Pavilion III was the second pavilion enslaved laborers built on the Lawn, completed in 1823. UVA’s first Law professor, John Tayloe Lomax, moved into the building in 1826 along with his family and enslaved workers. During Lomax’s short tenure, he expanded the pavilion by constructing “The Mews,” an adjacent outbuilding that served as a kitchen and quarters for enslaved people that still stands today.
UVA’s second Law professor, John A. G. Davis, moved into the larger Pavilion X in 1833 with his family and enslaved workers. His residence began a century-long legacy of Law professor occupancy in the pavilion. With each resident family, Pavilion X underwent structural modifications to appease the individual tastes of its occupants and accommodate large enslaved communities.
The former Sunnyside property sits on the land now occupied by the UVA Law School. Throughout the 19th century, multiple families lived on and farmed the property with the help of enslaved labor. Charlottesville’s first Poor House was located on the property. The Duke Family purchased Sunnyside in 1863 and enslaved at least 11 individuals who lived and worked there. UVA bought Sunnyside in 1963.
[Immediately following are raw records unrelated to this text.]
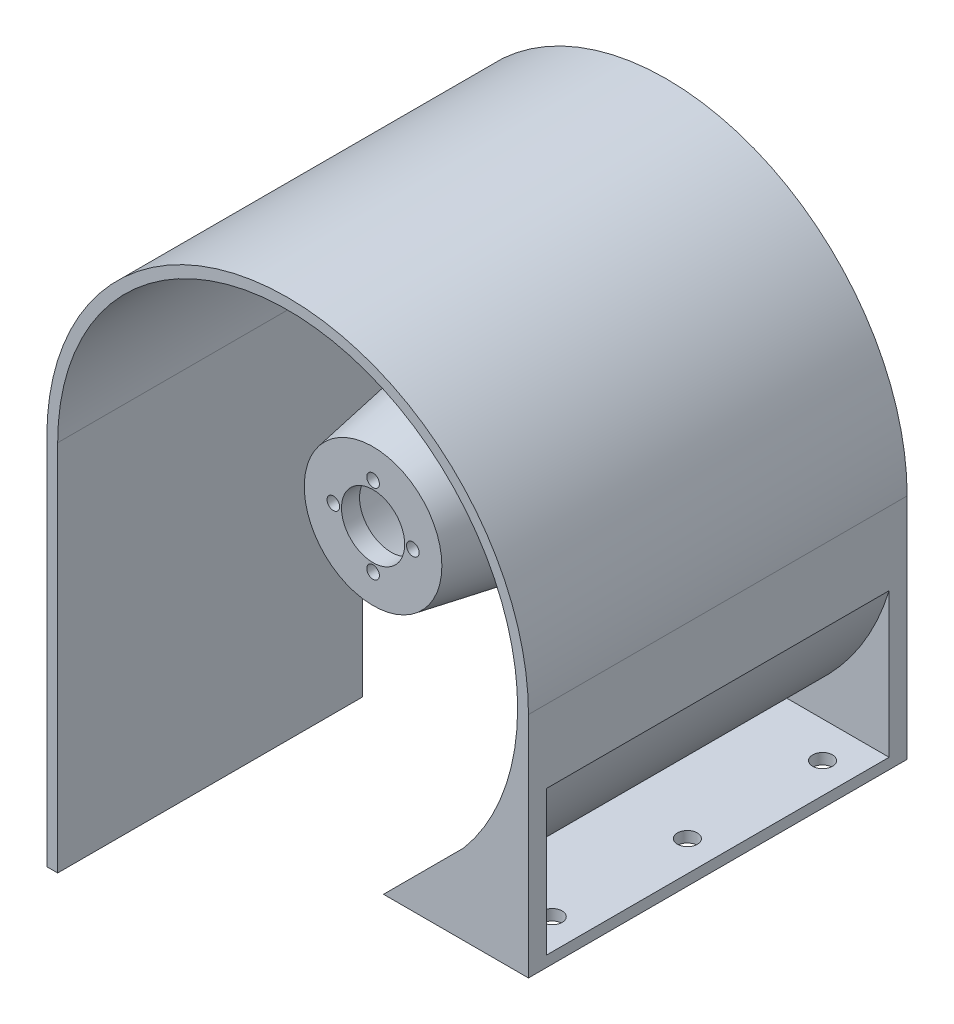
ISO-10303-21;
HEADER;
FILE_DESCRIPTION(('STEP AP214'),'2;1');
FILE_NAME('part.step','',(''),(''),'','','');
FILE_SCHEMA(('AUTOMOTIVE_DESIGN { 1 0 10303 214 1 1 1 1 }'));
ENDSEC;
DATA;
#1=APPLICATION_CONTEXT('core data for automotive mechanical design processes');
#2=APPLICATION_PROTOCOL_DEFINITION('international standard','automotive_design',2000,#1);
#3=PRODUCT_CONTEXT('',#1,'mechanical');
#4=PRODUCT('Part','Part','',(#3));
#5=PRODUCT_RELATED_PRODUCT_CATEGORY('part','',(#4));
#6=PRODUCT_DEFINITION_FORMATION('','',#4);
#7=PRODUCT_DEFINITION_CONTEXT('part definition',#1,'design');
#8=PRODUCT_DEFINITION('design','',#6,#7);
#9=PRODUCT_DEFINITION_SHAPE('','',#8);
#10=(LENGTH_UNIT() NAMED_UNIT(*) SI_UNIT(.MILLI.,.METRE.));
#11=(NAMED_UNIT(*) PLANE_ANGLE_UNIT() SI_UNIT($,.RADIAN.));
#12=(NAMED_UNIT(*) SI_UNIT($,.STERADIAN.) SOLID_ANGLE_UNIT());
#13=UNCERTAINTY_MEASURE_WITH_UNIT(LENGTH_MEASURE(1.E-05),#10,'distance_accuracy_value','');
#14=(GEOMETRIC_REPRESENTATION_CONTEXT(3) GLOBAL_UNCERTAINTY_ASSIGNED_CONTEXT((#13)) GLOBAL_UNIT_ASSIGNED_CONTEXT((#10,
#11,#12)) REPRESENTATION_CONTEXT('',''));
#15=CARTESIAN_POINT('',(0.,0.,0.));
#16=DIRECTION('',(0.,0.,1.));
#17=DIRECTION('',(1.,0.,0.));
#18=AXIS2_PLACEMENT_3D('',#15,#16,#17);
#19=CARTESIAN_POINT('',(31.75,0.,104.85));
#20=DIRECTION('',(0.,0.,1.));
#21=DIRECTION('',(1.,0.,0.));
#22=AXIS2_PLACEMENT_3D('',#19,#20,#21);
#23=PLANE('',#22);
#24=CARTESIAN_POINT('',(31.75,0.,104.85));
#25=DIRECTION('',(0.,0.,1.));
#26=DIRECTION('',(1.,0.,0.));
#27=AXIS2_PLACEMENT_3D('',#24,#25,#26);
#28=CIRCLE('',#27,63.675);
#29=CARTESIAN_POINT('',(80.527879915601,-40.9295010467903,104.85));
#30=VERTEX_POINT('',#29);
#31=CARTESIAN_POINT('',(-31.925,0.,104.85));
#32=VERTEX_POINT('',#31);
#33=EDGE_CURVE('E168',#30,#32,#28,.T.);
#34=ORIENTED_EDGE('',*,*,#33,.F.);
#35=DIRECTION('',(-0.707106781186546,-0.707106781186549,0.));
#36=VECTOR('',#35,1.);
#37=CARTESIAN_POINT('',(60.7286904811958,-60.7286904811956,104.85));
#38=LINE('',#37,#36);
#39=CARTESIAN_POINT('',(58.2823809623914,-63.175,104.85));
#40=VERTEX_POINT('',#39);
#41=EDGE_CURVE('E165',#30,#40,#38,.T.);
#42=ORIENTED_EDGE('',*,*,#41,.T.);
#43=DIRECTION('',(-1.,0.,0.));
#44=VECTOR('',#43,1.);
#45=CARTESIAN_POINT('',(98.425,-63.175,104.85));
#46=LINE('',#45,#44);
#47=CARTESIAN_POINT('',(98.425,-63.175,104.85));
#48=VERTEX_POINT('',#47);
#49=EDGE_CURVE('E242',#48,#40,#46,.T.);
#50=ORIENTED_EDGE('',*,*,#49,.F.);
#51=DIRECTION('',(0.,-1.,0.));
#52=VECTOR('',#51,1.);
#53=CARTESIAN_POINT('',(98.425,-66.675,104.85));
#54=LINE('',#53,#52);
#55=CARTESIAN_POINT('',(98.425,-4.71844785465692E-13,104.85));
#56=VERTEX_POINT('',#55);
#57=EDGE_CURVE('E249',#56,#48,#54,.T.);
#58=ORIENTED_EDGE('',*,*,#57,.F.);
#59=CARTESIAN_POINT('',(31.75,0.,104.85));
#60=DIRECTION('',(0.,0.,1.));
#61=DIRECTION('',(1.,0.,0.));
#62=AXIS2_PLACEMENT_3D('',#59,#60,#61);
#63=CIRCLE('',#62,66.675);
#64=CARTESIAN_POINT('',(-34.925,0.,104.85));
#65=VERTEX_POINT('',#64);
#66=EDGE_CURVE('E258',#56,#65,#63,.T.);
#67=ORIENTED_EDGE('',*,*,#66,.T.);
#68=DIRECTION('',(0.,-1.,0.));
#69=VECTOR('',#68,1.);
#70=CARTESIAN_POINT('',(-34.925,0.,104.85));
#71=LINE('',#70,#69);
#72=CARTESIAN_POINT('',(-34.925,-103.175,104.85));
#73=VERTEX_POINT('',#72);
#74=EDGE_CURVE('E260',#65,#73,#71,.T.);
#75=ORIENTED_EDGE('',*,*,#74,.T.);
#76=DIRECTION('',(-1.,0.,0.));
#77=VECTOR('',#76,1.);
#78=CARTESIAN_POINT('',(-34.925,-103.175,104.85));
#79=LINE('',#78,#77);
#80=CARTESIAN_POINT('',(-31.925,-103.175,104.85));
#81=VERTEX_POINT('',#80);
#82=EDGE_CURVE('E158',#81,#73,#79,.T.);
#83=ORIENTED_EDGE('',*,*,#82,.F.);
#84=DIRECTION('',(0.,-1.,0.));
#85=VECTOR('',#84,1.);
#86=CARTESIAN_POINT('',(-31.925,0.,104.85));
#87=LINE('',#86,#85);
#88=EDGE_CURVE('E185',#32,#81,#87,.T.);
#89=ORIENTED_EDGE('',*,*,#88,.F.);
#90=EDGE_LOOP('',(#34,#42,#50,#58,#67,#75,#83,#89));
#91=FACE_BOUND('',#90,.T.);
#92=ADVANCED_FACE('F46',(#91),#23,.T.);
#93=CARTESIAN_POINT('',(0.,-63.175,0.));
#94=DIRECTION('',(0.,-1.,0.));
#95=DIRECTION('',(0.,0.,-1.));
#96=AXIS2_PLACEMENT_3D('',#93,#94,#95);
#97=PLANE('',#96);
#98=DIRECTION('',(1.,0.,0.));
#99=VECTOR('',#98,1.);
#100=CARTESIAN_POINT('',(-34.925,-63.175,20.5));
#101=LINE('',#100,#99);
#102=CARTESIAN_POINT('',(-34.925,-63.175,20.5));
#103=VERTEX_POINT('',#102);
#104=CARTESIAN_POINT('',(-31.925,-63.175,20.5));
#105=VERTEX_POINT('',#104);
#106=EDGE_CURVE('E62',#103,#105,#101,.T.);
#107=ORIENTED_EDGE('',*,*,#106,.F.);
#108=DIRECTION('',(0.,0.,-1.));
#109=VECTOR('',#108,1.);
#110=CARTESIAN_POINT('',(-34.925,-63.175,104.85));
#111=LINE('',#110,#109);
#112=CARTESIAN_POINT('',(-34.925,-63.175,0.));
#113=VERTEX_POINT('',#112);
#114=EDGE_CURVE('E164',#103,#113,#111,.T.);
#115=ORIENTED_EDGE('',*,*,#114,.T.);
#116=DIRECTION('',(1.,0.,0.));
#117=VECTOR('',#116,1.);
#118=CARTESIAN_POINT('',(-34.925,-63.175,0.));
#119=LINE('',#118,#117);
#120=CARTESIAN_POINT('',(98.425,-63.175,0.));
#121=VERTEX_POINT('',#120);
#122=EDGE_CURVE('E231',#113,#121,#119,.T.);
#123=ORIENTED_EDGE('',*,*,#122,.T.);
#124=DIRECTION('',(0.,0.,1.));
#125=VECTOR('',#124,1.);
#126=CARTESIAN_POINT('',(98.425,-63.175,0.));
#127=LINE('',#126,#125);
#128=EDGE_CURVE('E240',#121,#48,#127,.T.);
#129=ORIENTED_EDGE('',*,*,#128,.T.);
#130=ORIENTED_EDGE('',*,*,#49,.T.);
#131=DIRECTION('',(0.,0.,1.));
#132=VECTOR('',#131,1.);
#133=CARTESIAN_POINT('',(58.2823809623914,-63.175,-179.746891489116));
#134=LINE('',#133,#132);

UVA purchased the Law School's current North Grounds site in 1963, when the tract was mainly woods. For centuries before that, the landscape was home to a long list of inhabitants, including farmers and enslaved laborers, the Albemarle County Poor House, and the Charlottesville barbecue grounds. Many of these sites are visible today from the Rivanna Trail. This video walking tour explores the history of the landscape on which the Law School now sits.